Except, hold on, it wasn’t Quilty. It was the actor who played Quilty, out of character now but still dressed for the part. Hayden was fascinated. It was that guy from – oh, he couldn’t remember the film, but he was totally different in that. Ah. Got it. East Clintwood. Man rides into town riddled with corruption. Cleans it up. Everyone dead. Leaves. Brilliant. Wolfe Swift! That was it. Genius. The word was overused, but wow! And here he was, as himself.
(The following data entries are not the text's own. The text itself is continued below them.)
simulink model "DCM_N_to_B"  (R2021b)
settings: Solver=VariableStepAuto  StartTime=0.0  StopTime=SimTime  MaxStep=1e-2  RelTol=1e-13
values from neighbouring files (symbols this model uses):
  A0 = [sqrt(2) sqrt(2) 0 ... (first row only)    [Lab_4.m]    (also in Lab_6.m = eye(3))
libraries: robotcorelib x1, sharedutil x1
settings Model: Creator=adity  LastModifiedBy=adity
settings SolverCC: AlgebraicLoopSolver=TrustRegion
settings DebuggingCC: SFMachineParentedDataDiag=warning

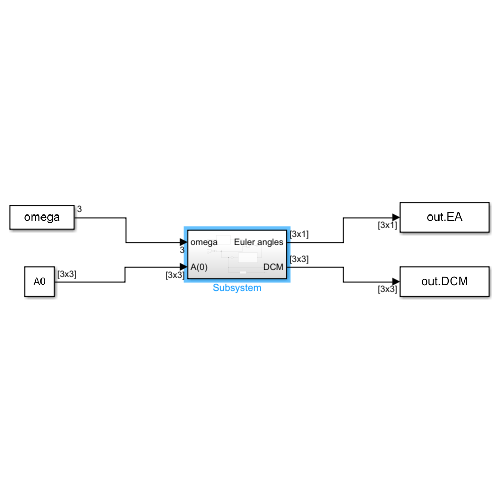
[thumbnail: Simulink's stored preview of the top-level diagram]
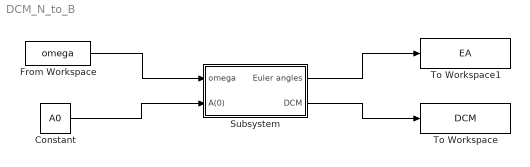
== system DCM_N_to_B ==
  Constant : Constant  Value=A0
  From Workspace : FromWorkspace  VariableName=omega
  Subsystem : Subsystem
  To Workspace : ToWorkspace  VariableName=DCM  SaveFormat=Timeseries  SampleTime=-1
  To Workspace1 : ToWorkspace  VariableName=EA  SaveFormat=Timeseries  SampleTime=-1
  wires:
  From Workspace/1 -> Subsystem/1(omega)
  Constant/1 -> Subsystem/2(A(0))
  Subsystem/2(DCM) -> To Workspace/1
  Subsystem/1(Euler angles) -> To Workspace1/1

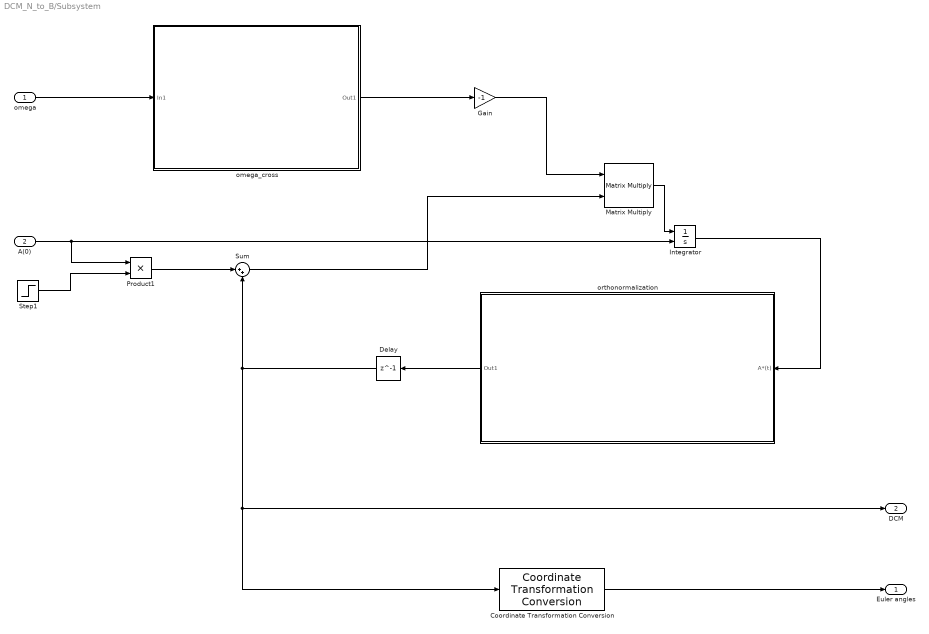
== system DCM_N_to_B/Subsystem ==
  omega : Inport
  A(0) : Inport  Port=2
  Coordinate Transformation Conversion : robotcorelib/Coordinate Transformation Conversion  InputRepresentation=Rotation Matrix  InputEulerSequence=ZYX  ShowTrVecInputPort=on  OutputRepresentation=Euler Angles  OutputEulerSequence=ZYZ  ShowTrVecOutputPort=on  SimulateUsing=Interpreted execution
      settings: SourceProductBaseCode=NV,RO,RR,UV
  Delay : Delay  DelayLength=1
  Gain : Gain  Gain=-1
  Integrator : Integrator  InitialConditionSource=external  InitialCondition=A0
  Matrix Multiply : Product  Multiplication=Matrix(*)
  Product1 : Product
  Step1 : Step  Time=0.01  Before=1  After=0  SampleTime=0
  Sum : Sum  Inputs=|++
  "omega_cross " : Subsystem
  orthonormalization : Subsystem
  Euler angles : Outport
  DCM : Outport  Port=2
  wires:
  Matrix Multiply/1 -> Integrator/1
  A(0)/1 -> Integrator/2, Product1/1
  Gain/1 -> Matrix Multiply/1
  "omega_cross "/1(Out1) -> Gain/1
  orthonormalization/1(Out1) -> Delay/1
  Step1/1 -> Product1/2
  Integrator/1 -> orthonormalization/1(A*(t))
  omega/1 -> "omega_cross "/1(In1)
  Coordinate Transformation Conversion/1 -> Euler angles/1
  Product1/1 -> Sum/1
  Delay/1 -> Sum/2, DCM/1, Coordinate Transformation Conversion/1
  Sum/1 -> Matrix Multiply/2

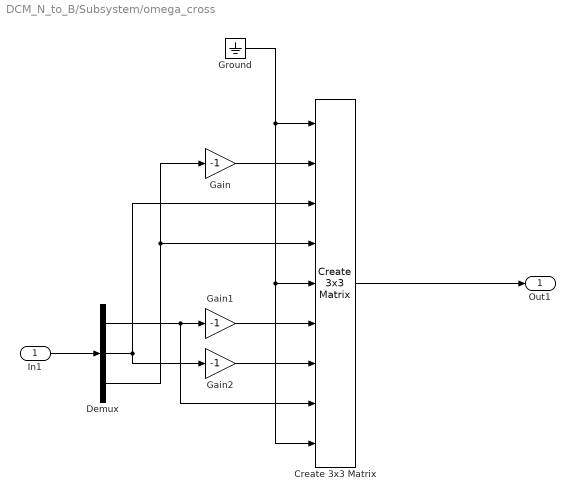
== system DCM_N_to_B/Subsystem/omega_cross  ==
  In1 : Inport
  Create 3x3 Matrix : sharedutil/Create 3x3 Matrix  aMode=aMode
      settings: SourceProductBaseCode=AE,PW,DR,MT,UV,VE
  Demux : Demux  Outputs=3
  Gain : Gain  Gain=-1
  Gain1 : Gain  Gain=-1
  Gain2 : Gain  Gain=-1
  Ground : Ground
  Out1 : Outport
  wires:
  In1/1 -> Demux/1
  Ground/1 -> Create 3x3 Matrix/5, Create 3x3 Matrix/9, Create 3x3 Matrix/1
  Gain/1 -> Create 3x3 Matrix/2
  Gain1/1 -> Create 3x3 Matrix/6
  Gain2/1 -> Create 3x3 Matrix/7
  Demux/3 -> Gain/1, Create 3x3 Matrix/4
  Demux/2 -> Gain2/1, Create 3x3 Matrix/3
  Demux/1 -> Gain1/1, Create 3x3 Matrix/8
  Create 3x3 Matrix/1 -> Out1/1

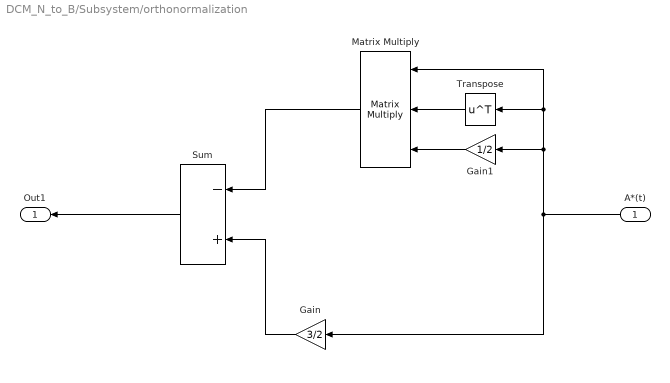
== system DCM_N_to_B/Subsystem/orthonormalization ==
  A*(t) : Inport
  Gain : Gain  Gain=3/2
  Gain1 : Gain  Gain=1/2
  Matrix Multiply : Product  Inputs=3  Multiplication=Matrix(*)
  Sum : Sum  Inputs=-+
  Transpose : Math  Operator=transpose  SaturateOnIntegerOverflow=on
  Out1 : Outport
  wires:
  A*(t)/1 -> Matrix Multiply/1, Transpose/1, Gain1/1, Gain/1
  Sum/1 -> Out1/1
  Gain/1 -> Sum/2
  Transpose/1 -> Matrix Multiply/2
  Gain1/1 -> Matrix Multiply/3
  Matrix Multiply/1 -> Sum/1

If it hadn’t been for the Quilty outfit, Hayden would never have recognised him. Double wow! It was weird looking at him as not Quilty, not drunk.
‘Half of lager shandy thanks, Declan.’
‘Coming up, Mr. Swift. Been away?’
‘You could say that, Declan. In a manner of speaking. Anyway, on to the next project. Short break and off we go again.’
‘Anything lined up?’
Wolfe Swift took an exploratory sip of his drink. ‘Couple of interesting offers, but I’m still on the lookout for the script that sings. Got one here as it happens.’ He produced a sheaf of papers from a briefcase. ‘Ah well, might as well take a quick gander.’